# Stimme programmieren



## noobadix (30. Mai 2010)

Hallo!

Für meinen Vokabeltrainer möchte ich zu jeder Vokabel die Lautschrift angeben und diese soll dann auch abgespielt werden können, also für jeden Buchstaben des phonetischen Alphabets eine Sequenz. Mit welchen Werkzeugen kann ich also Töne modulieren/produzieren?

Gruß N.


----------



## Landei (30. Mai 2010)

Klick mich


----------



## noobadix (30. Mai 2010)

Danke. Dass ich das schon gefunden hatte, hätte ich erwähnen sollen. "Drittanbieter" ist mein Problem, weil ich mich mit Lizenzen nicht auskenne und keinen Anwalt bemühen möchte. Daher sollte es mit den Bordwerkzeugen von Java gemacht werden.
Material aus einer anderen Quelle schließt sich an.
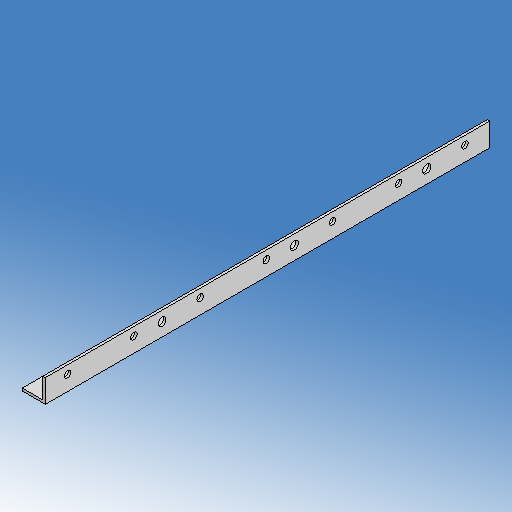
# Autodesk Inventor part: BatteryDrawer_AngleBrackets
Saved by Autodesk Inventor 2025 (Build 290162000, 162)
## iProperties
Created: 2024-08-04
Part Number: BatteryDrawer_AngleBrackets
Material: Generic
Document SubType Name: Modeling
Designer: seene
Density: 1 g/cm^3
Appearance: Default
Author: seene
Autodesk Inventor part; units mm, degrees
ref_plane "YZ Plane" through (0, 0, 0) normal (1, 0, 0) x (0, 1, 0)
ref_plane "XZ Plane" through (0, 0, 0) normal (0, 1, 0) x (-1, 0, 0)
ref_plane "XY Plane" through (0, 0, 0) normal (0, 0, 1) x (1, 0, 0)
sketch "Sketch1" plane through (0, 0, 0) normal (1, 0, 0) x (0, 1, 0)
  line L0 (0, 0) -> (203.2, 0) construction
  line L1 (203.2, 0) -> (203.2, 25.4) construction
  line L2 (203.2, 25.4) -> (0, 25.4) construction
  line L3 (0, 25.4) -> (0, 0) construction
  line L4 (0, 0) -> (25.4, 0) construction
  line L5 (25.4, 0) -> (25.4, -609.6) construction
  line L6 (25.4, -609.6) -> (0, -609.6) construction
  line L7 (0, -609.6) -> (0, 0) construction
  circle A0 centre (14.2875, -23.8125) radius 11.1125 construction
  line L8 (-1.5875, -12.7) -> (150.8125, -12.7) construction
  line L9 (114.3, -12.7) -> (25.4, -12.7) construction
  line L10 (25.4, -12.7) -> (25.4, -419.1) construction
  line L11 (25.4, -419.1) -> (114.3, -419.1) construction
  line L12 (114.3, -419.1) -> (114.3, -12.7) construction
  circle A1 centre (14.2875, -23.8125) radius 7.9375 construction
  circle A2 centre (14.2875, -23.8125) radius 3.175
  circle A3 centre (12.7, -114.3) radius 3.9688
  circle A4 centre (12.7, -241.3) radius 3.9688
  circle A5 centre (12.7, -368.3) radius 3.9688
  circle A6 centre (12.7, -495.3) radius 3.9688 construction
  circle A7 centre (14.2875, -87.3125) radius 3.175
  circle A8 centre (14.2875, -87.3125) radius 11.1125 construction
  circle A9 centre (14.2875, -150.8125) radius 3.175
  circle A10 centre (14.2875, -150.8125) radius 11.1125 construction
  circle A11 centre (14.2875, -214.3125) radius 3.175
  circle A12 centre (14.2875, -214.3125) radius 11.1125 construction
  circle A13 centre (14.2875, -277.8125) radius 3.175
  circle A14 centre (14.2875, -277.8125) radius 11.1125 construction
  circle A15 centre (14.2875, -341.3125) radius 3.175
  circle A16 centre (14.2875, -341.3125) radius 11.1125 construction
  circle A17 centre (14.2875, -404.8125) radius 3.175
  circle A18 centre (14.2875, -404.8125) radius 11.1125 construction
  line L13 (0, -2.4888) -> (22.225, -2.4888)
  line L14 (22.225, -2.4888) -> (22.225, -428.625)
  line L15 (22.225, -428.625) -> (0, -428.625)
  line L16 (0, -428.625) -> (0, -2.4888)
  dimension "d0" = 203.2
  dimension "d1" = 25.4
  dimension "d2" = 25.4
  dimension "d3" = 609.6
  dimension "d4" = 12.7
  dimension "d6" = 22.225
  dimension "d7" = 406.4
  dimension "d8" = 88.9
  dimension "d10" = 15.875
  dimension "d11" = 6.35
  dimension "d12" = 7.9375
  dimension "d13" = 12.7
  dimension "d14" = 114.3
  dimension "d17" = 127
  dimension "d24" = 63.5
  dimension "d29" = 22.225
  constraints: 34 end point, 19 centre point, 9 coincident, 8 parallel, 5 horizontal, 4 perpendicular, 3 tangent, 2 vertical, 1 collinear, 1 point on line, 30 other
  measures "d0" distance of L2.end L1.end
  measures "d1" distance of L1.end L0.end
  measures "d2" distance of L5.end L6.end
  measures "d3" distance of L4.end L5.end
  measures "d4" distance between parallel lines of L8 L0
  measures "d6" diameter of A0
  measures "d7" distance of L11.end L9.start
  measures "d8" distance of L10.end L11.end
  measures "d10" diameter of A1
  measures "d11" diameter of A2
  measures "d12" diameter of A3
  measures "d13" distance from line of L7 A3.centre
  measures "d14" distance from line of A3.centre L0
  measures "d17" distance of A3.centre A4.centre
  measures "d24" distance of A2.centre A7.centre
  measures "d29" distance of L14.end L15.end
extrude "Extrusion1" add sketch "Sketch1" along normal blind 2.3876
sketch "Sketch2" plane through (0, 0, -2.4888) normal (0, 0, 1) x (1, 0, 0)
  line L0 (0, 0) -> (-19.8374, 0)
  line L1 (-19.8374, 0) -> (-19.8374, 2.3876)
  line L2 (-19.8374, 2.3876) -> (0, 2.3876)
  line L3 (0, 2.3876) -> (0, 0)
  dimension "d32" = 19.8374
  dimension "d33" = 2.3876
  constraints: 8 end point, 2 parallel, 1 horizontal, 1 perpendicular
  measures "d32" distance of L1.end L2.end
  measures "d33" distance of L0.end L1.end
extrude "Extrusion2" add sketch "Sketch2" against normal up to surface (426.1362 mm away)
sketch "Sketch3" plane through (-19.8374, 2.3876, -2.4888) normal (0, 1, 0) x (1, 0, 0)
  circle A0 centre (9.9187, 25.4) radius 3.175
  line L0 (19.8374, 0) -> (0, 0) projected
  line L1 (9.9187, 0) -> (9.9187, 25.4) construction
  circle A1 centre (9.9187, 400.7362) radius 3.175
  line L2 (19.8374, 426.1362) -> (0, 426.1362) construction
  point P0 (19.8374, -2.4888)
  dimension "d36" = 6.35
  dimension "d37" = 25.4
  dimension "d38" = 6.35
  dimension "d39" = 25.4
  constraints: 2 centre point, 2 end point, 1 midpoint, 1 vertical, 1 vertical alignment
  measures "d36" diameter of A0
  measures "d37" distance from line of L1.end L0
  measures "d38" diameter of A1
  measures "d39" distance from line of L2 A1.centre
extrude "Extrusion3" cut sketch "Sketch3" against normal through all
body "Solid1"

edit: Aber cool gemacht! xD


----------



## ARadauer (30. Mai 2010)

sich in die Thematik mit den allgemeinen Lizenzen einlesen ... ca 10 Stunden
eine Text to Speach Anwenung in Java programmieren... sicher mehr als 1000 Stunden...


----------



## Landei (30. Mai 2010)

Also ehrlich gesagt denke ich nicht, dass du das allein stemmen kannst, da steckt eine Menge know-how drin. Und die Lizens-Frage ist nun wirklich kein guter Grund, die Sachen nicht wenigsten anzuschauen. Steht z.B. LGPL oder so drauf, steht dem Einbau in ein kommerzielles Produkt kaum etwas im Wege.


----------



## U2nt (30. Mai 2010)

Kannst ja so machen, dass du beim "neue Vokabel hinzufügen" Fenster ein optionales Feld für's auswählen einer Audiodatei angibst, und dies dann einbettest. Wäre ein bisschen leichter


----------



## noobadix (31. Mai 2010)

G'nabend an alle!

Es wird wohl kein kommerzielles Produkt werden. Trotzdem bin ich etwas paranoid was Fremdwerke von Firmen betrifft und zudem will ich nicht glauben, dass es so schwierig ist, ein paar "oh"s, "ah"s und "sch"s zu programmieren. Ich guck mir mal midi näher an.
Audiodateien für jede Vokabel stellen eine recht unelegante Alternative dar, weil das Progg dann recht groß und nicht mehr einheitlich sein würde; die Wörterbücher sollten austauschbar sein und der Benutzer die Möglichkeit haben, die Informationen aus einem Wörterbuch in das Programm zu übertragen, ohne viel Hirn in Bewegung zu setzen, also ohne die wenn auch eigentlich einfache Lautschrift zu können. 
Würde ich für jeden Laut eine Audiodatei erstellen könnte das vlt. klappen, wenn mir ne Möglichkeit zum Betonen einfällt und ich eine schöne Mädchenstimme leihen kann. Vlt. ist das bei den spät abends im TV angepriesenen "supports" auch drin, mal fragen xD

Danke so weit!


----------



## Marco13 (31. Mai 2010)

ARadauer hat gesagt.:


> eine Text to Speach Anwenung in Java programmieren... sicher mehr als 1000 Stunden...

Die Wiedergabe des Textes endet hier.